ALWAYS HAVE A CURRENT BACKUP BEFORE MAKING ANY CHANGES, AND ALWAYS BE PREPARED TO RESTORE THE OS IF THE MACHINE WON'T BOOT FROM DISK. 
*****WARNING*****

None of the above warnings are likely to apply, as the worst thing that *should* happen is you'll have to reinstall the printer. But don't say I didn't warn you that messing with the registry can be bad thing if you don't know what you're doing 


1. Locate another service in the Services display in computer management, that you CAN manipulate to start and stop, change to manual, disabled, etc.

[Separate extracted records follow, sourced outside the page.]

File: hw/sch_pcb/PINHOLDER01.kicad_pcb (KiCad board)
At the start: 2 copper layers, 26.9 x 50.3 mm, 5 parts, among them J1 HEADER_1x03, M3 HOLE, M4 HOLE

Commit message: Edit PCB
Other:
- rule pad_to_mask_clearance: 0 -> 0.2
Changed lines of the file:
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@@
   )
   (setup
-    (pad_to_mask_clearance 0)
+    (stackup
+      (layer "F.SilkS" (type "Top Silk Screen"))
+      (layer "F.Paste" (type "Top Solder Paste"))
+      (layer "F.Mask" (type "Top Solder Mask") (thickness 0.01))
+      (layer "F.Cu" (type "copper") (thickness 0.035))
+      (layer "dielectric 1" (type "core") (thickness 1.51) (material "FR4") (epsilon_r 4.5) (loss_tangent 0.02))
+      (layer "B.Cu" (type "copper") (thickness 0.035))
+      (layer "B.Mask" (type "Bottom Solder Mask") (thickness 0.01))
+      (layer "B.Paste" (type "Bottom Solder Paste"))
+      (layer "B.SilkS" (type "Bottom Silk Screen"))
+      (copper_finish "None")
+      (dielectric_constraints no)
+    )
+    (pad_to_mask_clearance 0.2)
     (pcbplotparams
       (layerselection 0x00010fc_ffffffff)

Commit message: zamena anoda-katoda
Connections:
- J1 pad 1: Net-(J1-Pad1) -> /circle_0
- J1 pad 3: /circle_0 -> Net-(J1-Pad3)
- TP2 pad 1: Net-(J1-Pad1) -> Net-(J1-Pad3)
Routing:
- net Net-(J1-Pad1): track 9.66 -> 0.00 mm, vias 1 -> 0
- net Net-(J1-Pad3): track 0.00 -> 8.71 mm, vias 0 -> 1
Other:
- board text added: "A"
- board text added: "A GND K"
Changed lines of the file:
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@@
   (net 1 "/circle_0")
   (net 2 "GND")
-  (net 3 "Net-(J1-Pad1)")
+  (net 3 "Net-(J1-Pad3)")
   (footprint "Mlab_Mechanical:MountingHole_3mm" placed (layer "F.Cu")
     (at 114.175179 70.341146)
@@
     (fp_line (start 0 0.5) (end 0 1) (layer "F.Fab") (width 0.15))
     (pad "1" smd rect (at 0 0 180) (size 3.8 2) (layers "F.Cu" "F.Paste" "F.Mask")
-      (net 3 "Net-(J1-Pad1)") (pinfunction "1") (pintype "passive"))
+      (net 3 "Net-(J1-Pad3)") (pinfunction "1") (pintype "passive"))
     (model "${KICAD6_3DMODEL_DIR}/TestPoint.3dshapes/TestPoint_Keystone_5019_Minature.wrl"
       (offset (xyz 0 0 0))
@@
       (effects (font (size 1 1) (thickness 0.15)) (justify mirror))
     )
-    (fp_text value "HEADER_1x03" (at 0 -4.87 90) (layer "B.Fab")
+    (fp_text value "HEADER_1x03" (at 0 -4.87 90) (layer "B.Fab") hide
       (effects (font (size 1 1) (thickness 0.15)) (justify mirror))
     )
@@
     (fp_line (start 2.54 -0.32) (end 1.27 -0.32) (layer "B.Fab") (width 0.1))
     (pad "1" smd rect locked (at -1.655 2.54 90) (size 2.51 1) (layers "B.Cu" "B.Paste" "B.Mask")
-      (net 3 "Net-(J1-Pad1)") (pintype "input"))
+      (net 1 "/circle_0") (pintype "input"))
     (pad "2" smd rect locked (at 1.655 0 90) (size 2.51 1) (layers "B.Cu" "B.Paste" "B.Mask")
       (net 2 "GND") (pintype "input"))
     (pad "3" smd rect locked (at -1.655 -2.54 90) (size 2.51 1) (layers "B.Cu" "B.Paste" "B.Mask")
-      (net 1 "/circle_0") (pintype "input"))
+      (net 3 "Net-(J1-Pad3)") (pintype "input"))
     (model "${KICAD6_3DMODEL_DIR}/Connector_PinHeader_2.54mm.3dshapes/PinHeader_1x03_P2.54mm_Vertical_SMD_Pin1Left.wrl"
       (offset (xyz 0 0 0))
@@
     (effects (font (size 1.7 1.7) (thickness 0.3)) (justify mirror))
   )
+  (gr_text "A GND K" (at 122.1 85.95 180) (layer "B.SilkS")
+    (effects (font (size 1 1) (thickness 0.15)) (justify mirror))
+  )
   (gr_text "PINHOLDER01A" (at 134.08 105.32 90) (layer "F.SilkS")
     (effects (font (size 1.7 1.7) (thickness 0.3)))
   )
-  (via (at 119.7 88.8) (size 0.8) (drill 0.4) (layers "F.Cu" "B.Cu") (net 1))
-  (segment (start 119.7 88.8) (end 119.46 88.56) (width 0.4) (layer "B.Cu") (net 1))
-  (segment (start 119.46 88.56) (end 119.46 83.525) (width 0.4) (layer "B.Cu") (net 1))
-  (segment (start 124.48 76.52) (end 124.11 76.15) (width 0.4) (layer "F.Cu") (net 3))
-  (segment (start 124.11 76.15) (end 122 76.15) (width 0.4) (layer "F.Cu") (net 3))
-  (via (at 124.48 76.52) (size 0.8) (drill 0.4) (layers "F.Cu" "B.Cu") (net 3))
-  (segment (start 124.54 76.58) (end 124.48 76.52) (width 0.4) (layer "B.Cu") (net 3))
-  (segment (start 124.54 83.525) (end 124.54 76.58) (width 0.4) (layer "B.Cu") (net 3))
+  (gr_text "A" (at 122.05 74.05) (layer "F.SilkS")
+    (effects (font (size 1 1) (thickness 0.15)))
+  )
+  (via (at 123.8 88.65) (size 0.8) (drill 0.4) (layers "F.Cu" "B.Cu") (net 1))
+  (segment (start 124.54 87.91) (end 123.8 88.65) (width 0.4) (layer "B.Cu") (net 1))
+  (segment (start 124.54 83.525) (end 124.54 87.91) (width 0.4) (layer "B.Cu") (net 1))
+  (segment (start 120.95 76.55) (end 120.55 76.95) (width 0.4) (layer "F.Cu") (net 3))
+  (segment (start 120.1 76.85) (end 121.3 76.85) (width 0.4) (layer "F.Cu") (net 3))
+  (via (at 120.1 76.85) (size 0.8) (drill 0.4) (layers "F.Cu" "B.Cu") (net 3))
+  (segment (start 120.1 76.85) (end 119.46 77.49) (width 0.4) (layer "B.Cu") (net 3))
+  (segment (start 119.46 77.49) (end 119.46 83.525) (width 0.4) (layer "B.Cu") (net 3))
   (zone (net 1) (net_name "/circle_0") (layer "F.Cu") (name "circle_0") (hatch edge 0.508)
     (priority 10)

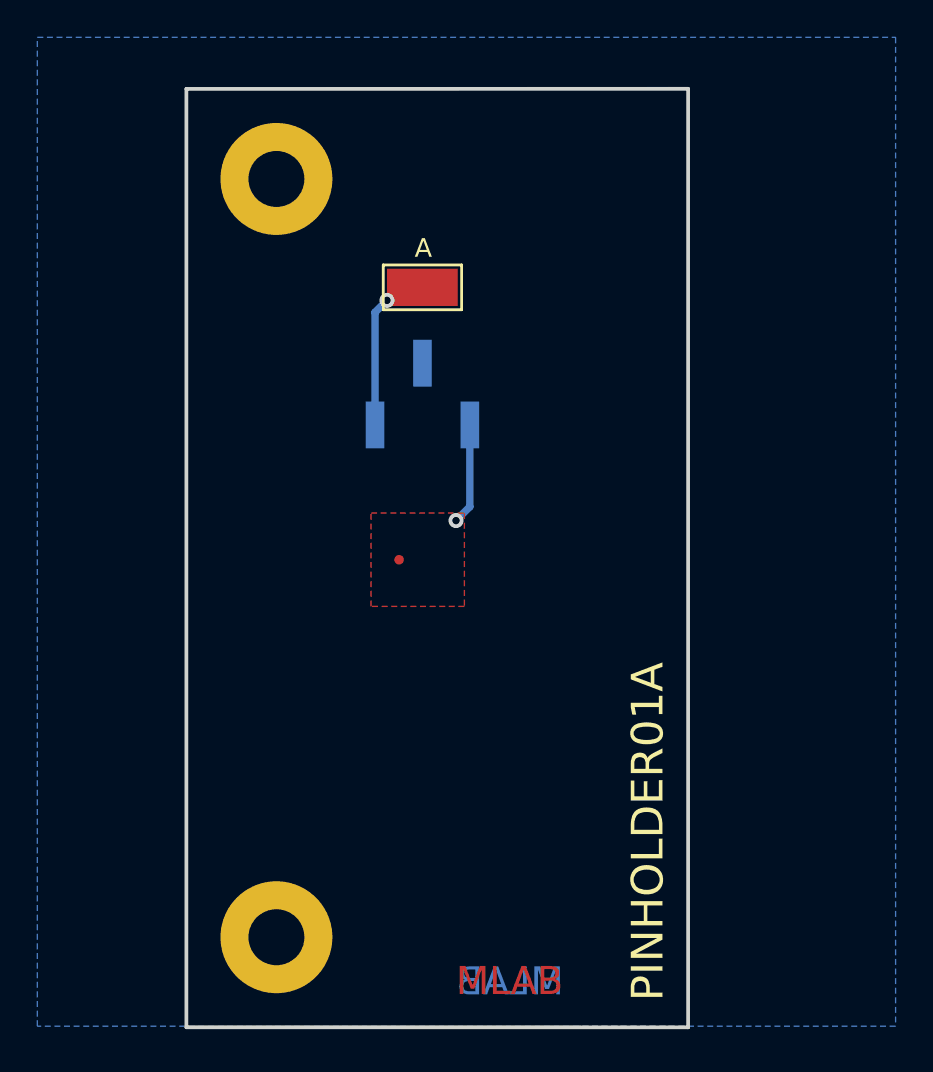
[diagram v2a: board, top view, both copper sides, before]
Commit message: Ortogonal shape Fit to USTSIPIN02A
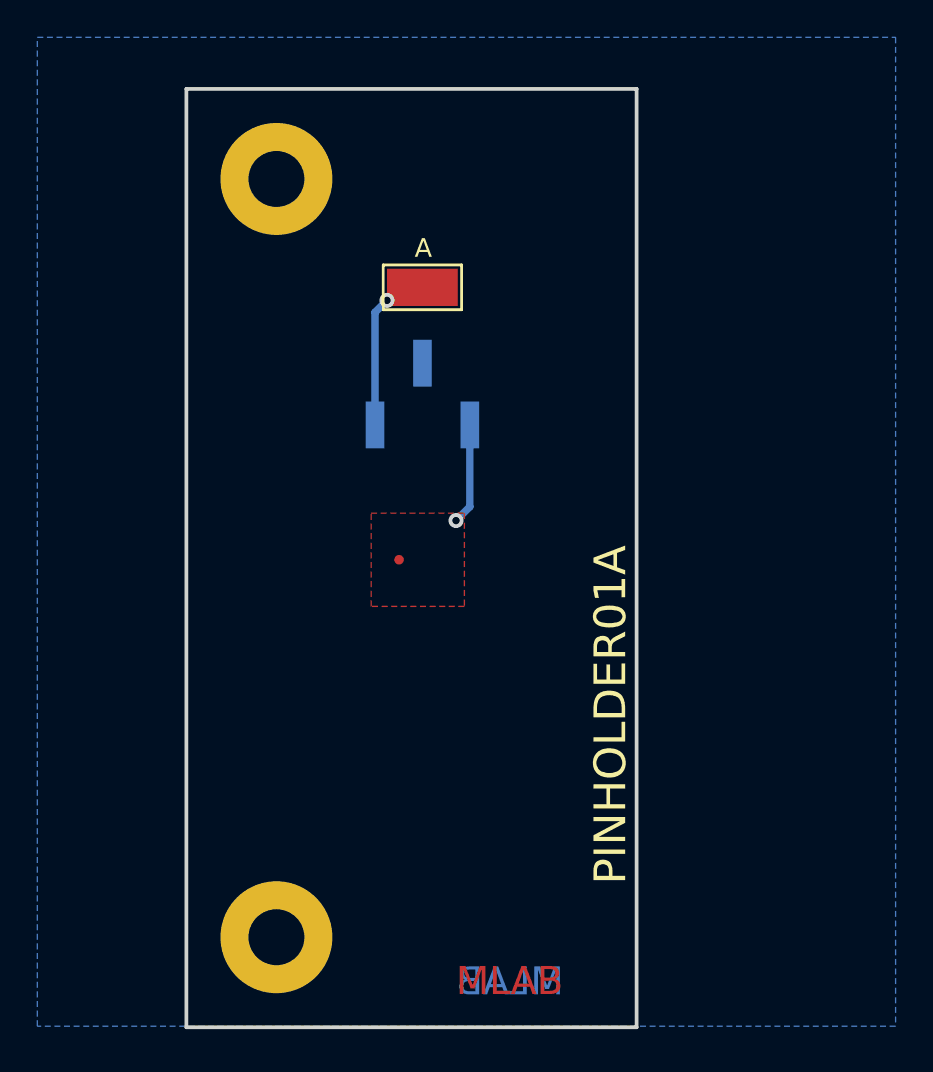
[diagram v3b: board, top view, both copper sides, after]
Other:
- board size 26.9 x 50.3 mm -> 24.1 x 50.3 mm
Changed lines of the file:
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@@
     )
     (pad_to_mask_clearance 0.2)
+    (aux_axis_origin 114.175179 70.341146)
     (pcbplotparams
       (layerselection 0x00010fc_ffffffff)
@@
     )
   )
-  (gr_line (start 136.24 115.81) (end 136.24 65.51) (layer "Edge.Cuts") (width 0.2))
+  (gr_line (start 133.479179 115.807146) (end 133.479179 65.515146) (layer "Edge.Cuts") (width 0.2))
   (gr_line (start 109.349179 115.807146) (end 109.349179 65.515146) (layer "Edge.Cuts") (width 0.2))
-  (gr_line (start 109.349179 115.807146) (end 136.24 115.81) (layer "Edge.Cuts") (width 0.2))
-  (gr_line (start 109.349179 65.515146) (end 136.24 65.51) (layer "Edge.Cuts") (width 0.2))
+  (gr_line (start 109.349179 115.807146) (end 133.479179 115.807146) (layer "Edge.Cuts") (width 0.2))
+  (gr_line (start 109.349179 65.515146) (end 133.479179 65.515146) (layer "Edge.Cuts") (width 0.2))
   (gr_rect (start 134.8 78.6) (end 146.2 90.4) (layer "User.1") (width 0.15) (fill solid))
   (gr_line (start 146.6 78.2) (end 146.6 90.8) (layer "User.2") (width 1))
@@
     (effects (font (size 1.5 1.5) (thickness 0.3)) (justify mirror))
   )
-  (gr_text "PINHOLDER01A" (at 134.4168 105.3592 90) (layer "B.SilkS")
+  (gr_text "PINHOLDER01A" (at 132.08 76.2 90) (layer "B.SilkS")
     (effects (font (size 1.7 1.7) (thickness 0.3)) (justify mirror))
   )
@@
     (effects (font (size 1 1) (thickness 0.15)) (justify mirror))
   )
-  (gr_text "PINHOLDER01A" (at 134.08 105.32 90) (layer "F.SilkS")
+  (gr_text "PINHOLDER01A" (at 132.08 99.06 90) (layer "F.SilkS")
     (effects (font (size 1.7 1.7) (thickness 0.3)))
   )

This one will be the model or example you will use, to change the PML service's security.

2. Launch regedit and locate the 'example' service. The branch is: 
HKEY_LOCAL_MACHINE\SYSTEM\CurrentControlSet\Services\

The name your 'example' service is under may be different than what is displayed in Services. Don't grab just any service here, be certain you locate one you can manipulate in the Services display.

3. Locate the PML driver service. It should be here:
HKEY_LOCAL_MACHINE\SYSTEM\CurrentControlSet\Services\Pml Driver HPZ12

4. Expland the PML service entry on the left and display the Security branch. There should be a VALUE in the right-hand pane also labeled 'Security' which is REG_BINARY and has a long value in it. Rename this on on the right from 'Security' to 'Security Old' so you can easily put it back it if you need to. 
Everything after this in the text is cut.